In the event that you use fraudulent credit card information to open an account or otherwise engage in any criminal activity affecting Meashots, Meashots will promptly file a complaint with the competent authorities in the UAE.
You agree that service of process in any actions, controversies and disputes arising from or relating to this Agreement may be effected by email or by mailing a copy thereof by registered or certified mail (or any substantially similar form of mail), postage prepaid, to the other party; however, nothing herein shall affect the right to effect service of process in any other manner permitted by law.

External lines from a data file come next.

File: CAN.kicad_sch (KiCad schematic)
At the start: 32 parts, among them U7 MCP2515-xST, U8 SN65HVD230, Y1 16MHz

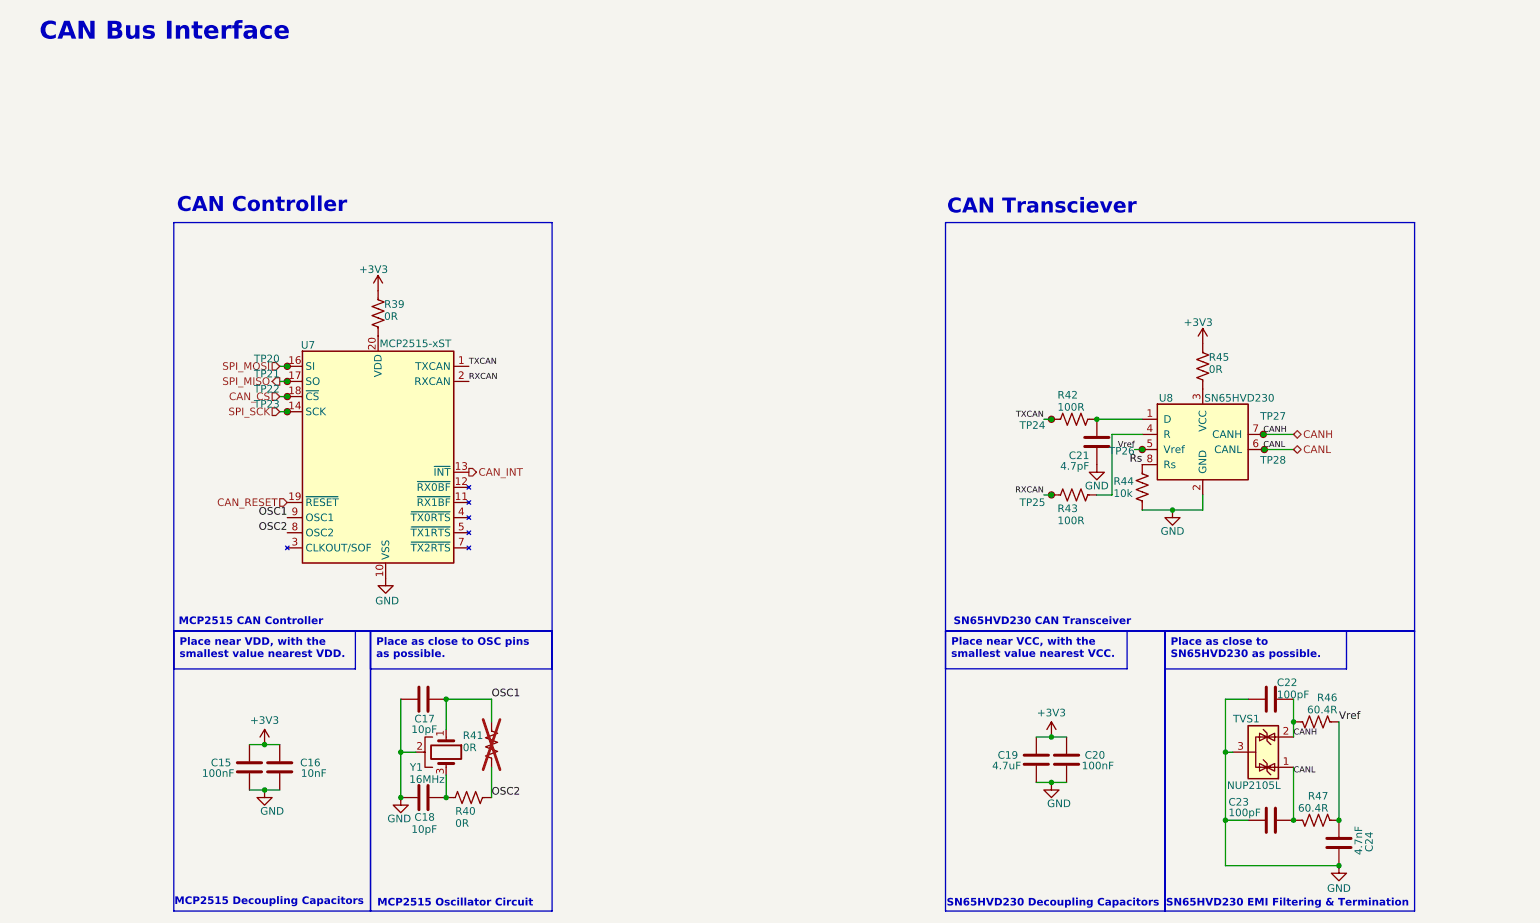
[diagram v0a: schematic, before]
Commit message: Added labels and schematic PDF among other progress
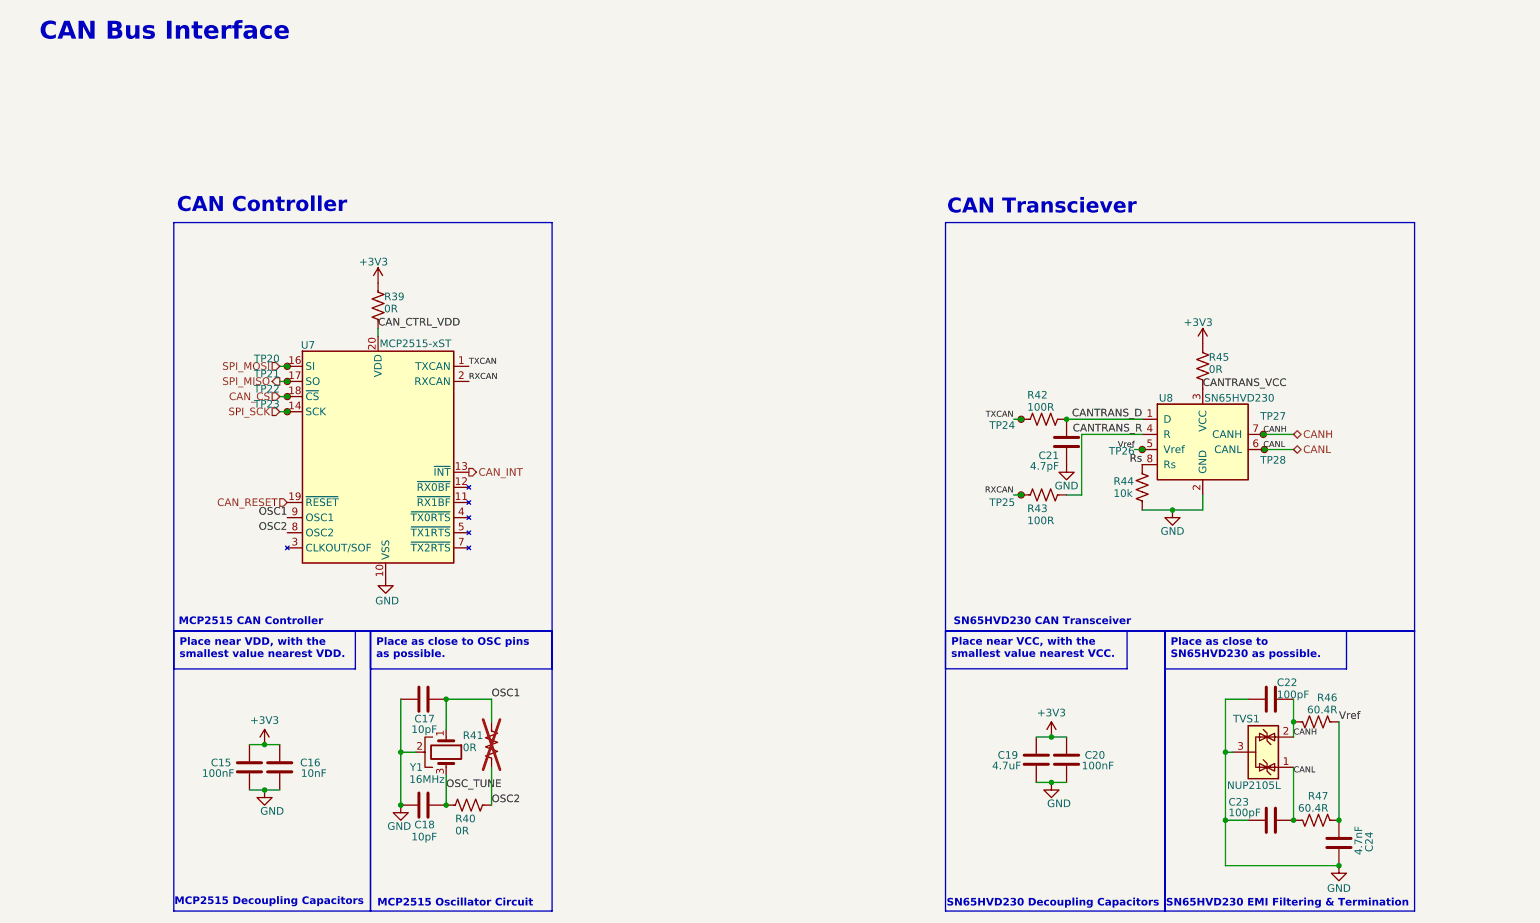
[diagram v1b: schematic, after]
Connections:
- net OSC_TUNE: now reaches C18.2, R40.1, Y1.3
- net CANTRANS_D: now reaches C21.1, R42.2, U8.1 (D)
- net CANTRANS_VCC: now reaches R45.2, U8.3 (VCC)
- net CANTRANS_R: now reaches R43.1, U8.4 (R)
- net CAN_CTRL_VDD: now reaches R39.2, U7.20 (VDD)
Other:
- moved on the sheet: C18, C21, R39, R40, R42, R43, TP24, TP25

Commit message: Added testpoints
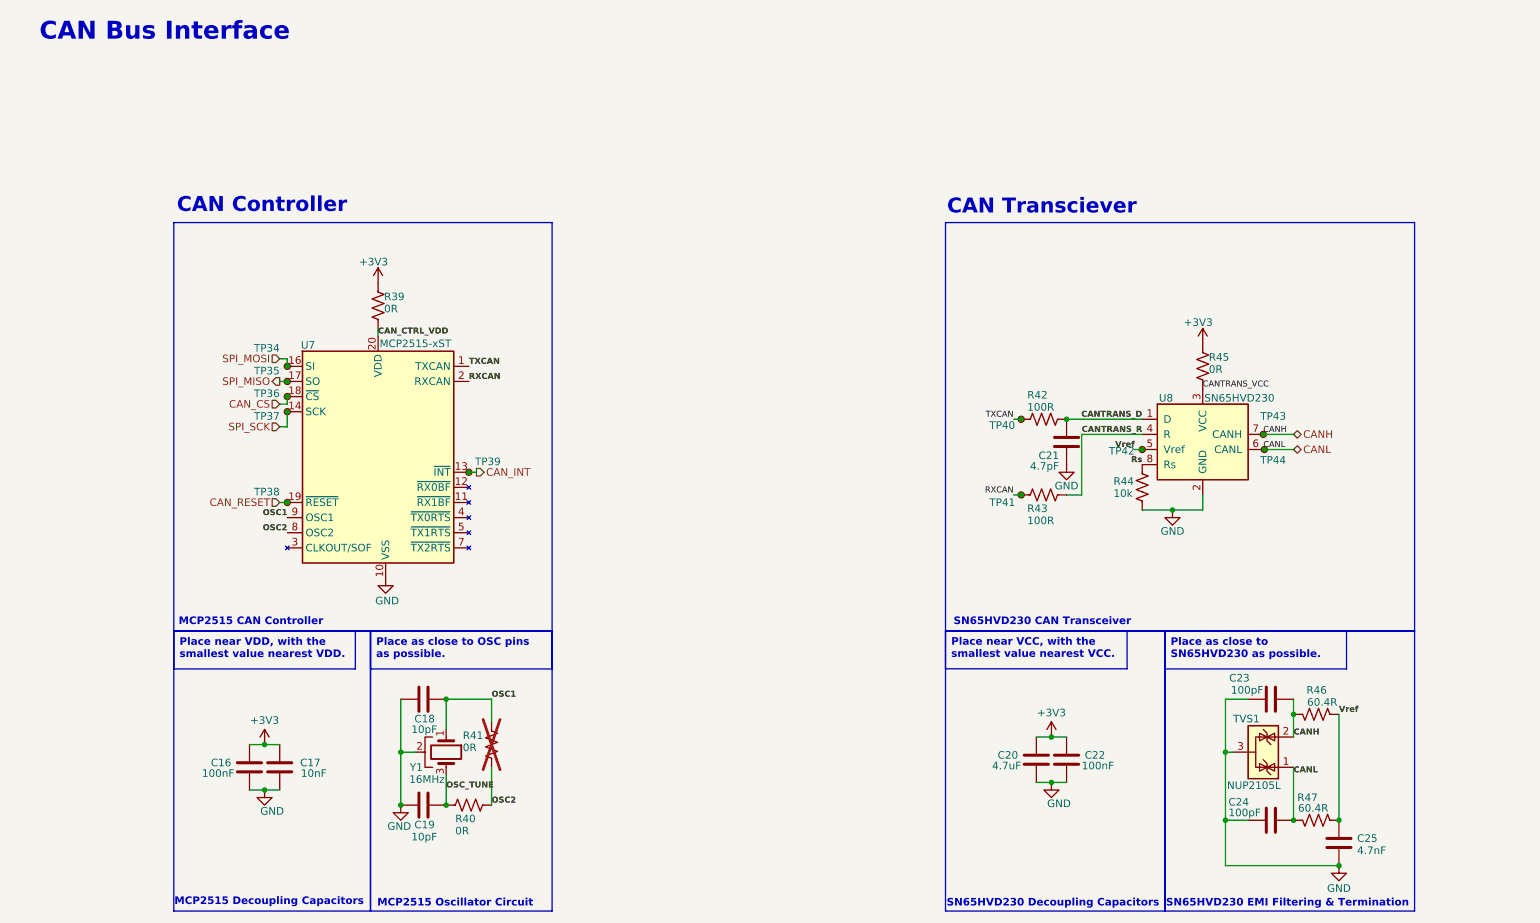
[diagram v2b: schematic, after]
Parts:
- added TP38: CAN_RESET, symbol Connector:TestPoint_Small
- added TP39: CAN_INT, symbol Connector:TestPoint_Small
- renumbered C15 to C16, C16 to C17, C17 to C18, C18 to C19, C19 to C20, C20 to C22, C22 to C23, C23 to C24, C24 to C25, TP20 to TP34, TP21 to TP35, TP22 to TP36, TP23 to TP37, TP24 to TP40, TP25 to TP41, TP26 to TP42, TP27 to TP43, TP28 to TP44
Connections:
- net CANH: now also C23.2; no longer C23.1
- net CAN_INT: now also TP39.1
- net CAN_RESET: now also TP38.1
- net GND: now also C23.1; no longer C23.2
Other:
- moved on the sheet: C23, R46

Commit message: Partially assigned netclasses WIP
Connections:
- net CANTRANS_VCC renamed CAN_TRANS_VCC
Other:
- moved on the sheet: R45
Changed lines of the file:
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@@
 	(wire
 		(pts
+			(xy 69.85 57.15) (xy 69.85 58.42)
+		)
+		(stroke
+			(width 0)
+			(type default)
+		)
+	)
+	(wire
+		(pts
 			(xy 212.09 156.21) (xy 231.14 156.21)
 		)
@@
 	(wire
 		(pts
+			(xy 86.36 74.93) (xy 85.09 74.93)
+		)
+		(stroke
+			(width 0)
+			(type default)
+		)
+	)
+	(wire
+		(pts
 			(xy 53.34 143.51) (xy 50.8 143.51)
 		)
@@
 	(wire
 		(pts
+			(xy 86.36 72.39) (xy 85.09 72.39)
+		)
+		(stroke
+			(width 0)
+			(type default)
+		)
+	)
+	(wire
+		(pts
 			(xy 54.61 78.74) (xy 54.61 77.47)
 		)
@@
 	(wire
 		(pts
+			(xy 208.28 66.04) (xy 208.28 67.31)
+		)
+		(stroke
+			(width 0)
+			(type default)
+		)
+	)
+	(wire
+		(pts
 			(xy 53.34 74.93) (xy 54.61 74.93)
 		)
@@
 	(wire
 		(pts
+			(xy 208.28 74.93) (xy 208.28 76.2)
+		)
+		(stroke
+			(width 0)
+			(type default)
+		)
+	)
+	(wire
+		(pts
 			(xy 50.8 143.51) (xy 48.26 143.51)
 		)
@@
 		)
 	)
-	(label "CANTRANS_VCC"
+	(label "CAN_TRANS_VCC"
 		(at 208.28 76.2 0)
 		(effects
@@
 	)
 	(label "TXCAN"
-		(at 85.09 72.39 0)
+		(at 86.36 72.39 0)
 		(effects
 			(font
@@
 	)
 	(label "RXCAN"
-		(at 85.09 74.93 0)
+		(at 86.36 74.93 0)
 		(effects
 			(font
@@
 	(symbol
 		(lib_id "power:+3V3")
-		(at 208.28 68.58 0)
+		(at 208.28 66.04 0)
 		(unit 1)
 		(body_style 1)
@@
 		(dnp no)
 		(property "Reference" "#PWR052"
-			(at 208.28 72.39 0)
+			(at 208.28 69.85 0)
 			(hide yes)
 			(show_name no)
@@
 		)
 		(property "Value" "+3V3"
-			(at 207.518 65.024 0)
+			(at 207.518 62.484 0)
 			(show_name no)
 			(do_not_autoplace no)
@@
 		)
 		(property "Footprint" ""
-			(at 208.28 68.58 0)
+			(at 208.28 66.04 0)
 			(hide yes)
 			(show_name no)
@@
 		)
 		(property "Datasheet" ""
-			(at 208.28 68.58 0)
+			(at 208.28 66.04 0)
 			(hide yes)
 			(show_name no)
@@
 		)
 		(property "Description" "Power symbol creates a global label with name \"+3V3\""
-			(at 208.28 68.58 0)
+			(at 208.28 66.04 0)
 			(hide yes)
 			(show_name no)
@@
 	(symbol
 		(lib_id "power:+3V3")
-		(at 69.85 58.42 0)
+		(at 69.85 57.15 0)
 		(unit 1)
 		(body_style 1)
@@
 		(dnp no)
 		(property "Reference" "#PWR045"
-			(at 69.85 62.23 0)
+			(at 69.85 60.96 0)
 			(hide yes)
 			(show_name no)
@@
 		)
 		(property "Value" "+3V3"
-			(at 69.088 54.864 0)
+			(at 69.088 53.594 0)
 			(show_name no)
 			(do_not_autoplace no)
@@
 		)
 		(property "Footprint" ""
-			(at 69.85 58.42 0)
+			(at 69.85 57.15 0)
 			(hide yes)
 			(show_name no)
@@
 		)
 		(property "Datasheet" ""
-			(at 69.85 58.42 0)
+			(at 69.85 57.15 0)
 			(hide yes)
 			(show_name no)
@@
 		)
 		(property "Description" "Power symbol creates a global label with name \"+3V3\""
-			(at 69.85 58.42 0)
+			(at 69.85 57.15 0)
 			(hide yes)
 			(show_name no)
@@
 	(symbol
 		(lib_id "Device:R_US")
-		(at 208.28 72.39 0)
+		(at 208.28 71.12 0)
 		(unit 1)
 		(body_style 1)
@@
 		(dnp no)
 		(property "Reference" "R45"
-			(at 209.296 70.866 0)
+			(at 209.296 69.596 0)
 			(show_name no)
 			(do_not_autoplace no)
@@
 		)
 		(property "Value" "0R"
-			(at 209.296 72.898 0)
+			(at 209.296 71.628 0)
 			(show_name no)
 			(do_not_autoplace no)
@@
 		)
 		(property "Footprint" "Resistor_SMD:R_0805_2012Metric"
-			(at 209.296 72.644 90)
+			(at 209.296 71.374 90)
 			(hide yes)
 			(show_name no)
@@
 		)
 		(property "Datasheet" ""
-			(at 208.28 72.39 0)
+			(at 208.28 71.12 0)
 			(hide yes)
 			(show_name no)
@@
 		)
 		(property "Description" "Resistor, US symbol"
-			(at 208.28 72.39 0)
+			(at 208.28 71.12 0)
 			(hide yes)
 			(show_name no)
@@
 		)
 		(property "MFR#" ""
-			(at 208.28 72.39 0)
+			(at 208.28 71.12 0)
 			(hide yes)
 			(show_name no)
@@
 		)
 		(property "Package" "0805"
-			(at 208.28 72.39 0)
+			(at 208.28 71.12 0)
 			(hide yes)
 			(show_name no)
@@
 		)
 		(property "LCSC#" "C54921246"
-			(at 208.28 72.39 0)
+			(at 208.28 71.12 0)
 			(hide yes)
 			(show_name no)

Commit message: Configured Varients
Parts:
- renumbered R39 to R40, R40 to R41, R41 to R42, R42 to R43, R43 to R44, R44 to R45, R45 to R46, R46 to R47, R47 to R48
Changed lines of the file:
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@@
 					(reference "C20")
 					(unit 1)
+					(variant
+						(name "5v Dumb")
+						(dnp yes)
+					)
 				)
 			)
@@
 		(in_pos_files yes)
 		(dnp no)
-		(property "Reference" "R44"
+		(property "Reference" "R45"
 			(at 193.294 91.694 0)
 			(show_name no)
@@
 			(project "power_module"
 				(path "/33e2b92e-f705-4be7-96f4-57092b8ec1ea/2c777b8c-fce7-4c8f-b22a-e5c1ebb4dbeb"
-					(reference "R44")
+					(reference "R45")
 					(unit 1)
+					(variant
+						(name "5v Dumb")
+						(dnp yes)
+					)
 				)
 			)
@@
 					(reference "C19")
 					(unit 1)
+					(variant
+						(name "5v Dumb")
+						(dnp yes)
+					)
 				)
 			)
@@
 					(reference "C25")
 					(unit 1)
+					(variant
+						(name "5v Dumb")
+						(dnp yes)
+					)
 				)
 			)
@@
 					(reference "U8")
 					(unit 1)
+					(variant
+						(name "5v Dumb")
+						(dnp yes)
+					)
 				)
 			)
@@
 					(reference "C22")
 					(unit 1)
+					(variant
+						(name "5v Dumb")
+						(dnp yes)
+					)
 				)
 			)
@@
 					(reference "Y1")
 					(unit 1)
+					(variant
+						(name "5v Dumb")
+						(dnp yes)
+					)
 				)
 			)
@@
 					(reference "C17")
 					(unit 1)
+					(variant
+						(name "5v Dumb")
+						(dnp yes)
+					)
 				)
 			)
@@
 		(in_pos_files yes)
 		(dnp no)
-		(property "Reference" "R47"
+		(property "Reference" "R48"
 			(at 227.584 144.78 90)
 			(show_name no)
@@
 			(project "power_module"
 				(path "/33e2b92e-f705-4be7-96f4-57092b8ec1ea/2c777b8c-fce7-4c8f-b22a-e5c1ebb4dbeb"
-					(reference "R47")
+					(reference "R48")
 					(unit 1)
+					(variant
+						(name "5v Dumb")
+						(dnp yes)
+					)
 				)
 			)
@@
 		(in_pos_files yes)
 		(dnp yes)
-		(property "Reference" "R41"
+		(property "Reference" "R42"
 			(at 84.074 134.366 0)
 			(show_name no)
@@
 			(project "power_module"
 				(path "/33e2b92e-f705-4be7-96f4-57092b8ec1ea/2c777b8c-fce7-4c8f-b22a-e5c1ebb4dbeb"
-					(reference "R41")
+					(reference "R42")
 					(unit 1)
 				)
@@
 					(reference "C24")
 					(unit 1)
+					(variant
+						(name "5v Dumb")
+						(dnp yes)
+					)
 				)
 			)
@@
 		(in_pos_files yes)
 		(dnp no)
-		(property "Reference" "R42"
+		(property "Reference" "R43"
 			(at 178.816 77.216 90)
 			(show_name no)
@@
 			(project "power_module"
 				(path "/33e2b92e-f705-4be7-96f4-57092b8ec1ea/2c777b8c-fce7-4c8f-b22a-e5c1ebb4dbeb"
-					(reference "R42")
+					(reference "R43")
 					(unit 1)
+					(variant
+						(name "5v Dumb")
+						(dnp yes)
+					)
 				)
 			)
@@
 		(in_pos_files yes)
 		(dnp no)
-		(property "Reference" "R45"
+		(property "Reference" "R46"
 			(at 209.296 69.596 0)
 			(show_name no)
@@
 			(project "power_module"
 				(path "/33e2b92e-f705-4be7-96f4-57092b8ec1ea/2c777b8c-fce7-4c8f-b22a-e5c1ebb4dbeb"
-					(reference "R45")
+					(reference "R46")
 					(unit 1)
+					(variant
+						(name "5v Dumb")
+						(dnp yes)
+					)
 				)
 			)
@@
 					(reference "C21")
 					(unit 1)
+					(variant
+						(name "5v Dumb")
+						(dnp yes)
+					)
 				)
 			)
@@
 		(in_pos_files yes)
 		(dnp no)
-		(property "Reference" "R40"
+		(property "Reference" "R41"
 			(at 82.804 148.336 90)
 			(show_name no)
@@
 			(project "power_module"
 				(path "/33e2b92e-f705-4be7-96f4-57092b8ec1ea/2c777b8c-fce7-4c8f-b22a-e5c1ebb4dbeb"
-					(reference "R40")
+					(reference "R41")
 					(unit 1)
+					(variant
+						(name "5v Dumb")
+						(dnp yes)
+					)
 				)
 			)
@@
 					(reference "C16")
 					(unit 1)
+					(variant
+						(name "5v Dumb")
+						(dnp yes)
+					)
 				)
 			)
@@
 		(in_pos_files yes)
 		(dnp no)
-		(property "Reference" "R39"
+		(property "Reference" "R40"
 			(at 70.866 60.706 0)
 			(show_name no)
@@
 			(project "power_module"
 				(path "/33e2b92e-f705-4be7-96f4-57092b8ec1ea/2c777b8c-fce7-4c8f-b22a-e5c1ebb4dbeb"
-					(reference "R39")
+					(reference "R40")
 					(unit 1)
+					(variant
+						(name "5v Dumb")
+						(dnp yes)
+					)
 				)
 			)
@@
 					(reference "C23")
 					(unit 1)
+					(variant
+						(name "5v Dumb")
+						(dnp yes)
+					)
 				)
 			)
@@
 		(in_pos_files yes)
 		(dnp no)
-		(property "Reference" "R43"
+		(property "Reference" "R44"
 			(at 178.816 96.266 90)
 			(show_name no)
@@
 			(project "power_module"
 				(path "/33e2b92e-f705-4be7-96f4-57092b8ec1ea/2c777b8c-fce7-4c8f-b22a-e5c1ebb4dbeb"
-					(reference "R43")
+					(reference "R44")
 					(unit 1)
+					(variant
+						(name "5v Dumb")
+						(dnp yes)
+					)
 				)
 			)
@@
 					(reference "TVS1")
 					(unit 1)
+					(variant
+						(name "5v Dumb")
+						(dnp yes)
+					)
 				)
 			)
@@
 					(reference "U7")
 					(unit 1)
+					(variant
+						(name "5v Dumb")
+						(dnp yes)
+					)
 				)
 			)
@@
 		(in_pos_files yes)
 		(dnp no)
-		(property "Reference" "R46"
+		(property "Reference" "R47"
 			(at 229.108 126.746 90)
 			(show_name no)
@@
 			(project "power_module"
 				(path "/33e2b92e-f705-4be7-96f4-57092b8ec1ea/2c777b8c-fce7-4c8f-b22a-e5c1ebb4dbeb"
-					(reference "R46")
+					(reference "R47")
 					(unit 1)
+					(variant
+						(name "5v Dumb")
+						(dnp yes)
+					)
 				)
 			)
@@
 					(reference "C18")
 					(unit 1)
+					(variant
+						(name "5v Dumb")
+						(dnp yes)
+					)
 				)
 			)

ARTICLE 14: LANGUAGES OF THE AGREEMENT
This Agreement is drawn originally in the English language and Meashots furnishes an accompanied translation hereto in the Arabic language. However, such translation is furnished for convenience purposes only; in case of any inconsistency and/or discrepancy between both languages the prevailing language shall be the English language.
ARTICLE 15: ACKNOWLEDGEMENT
ARTICLE 16: NO WAIVER
Meashots’ failure to insist upon or enforce strict performance of any provision of this Agreement shall not be construed, understood, or held as a waiver of any provision or right.
ARTICLE 17: AMENDMENT
This Agreement may solely be amended by Meashots through serving you a writteb notification.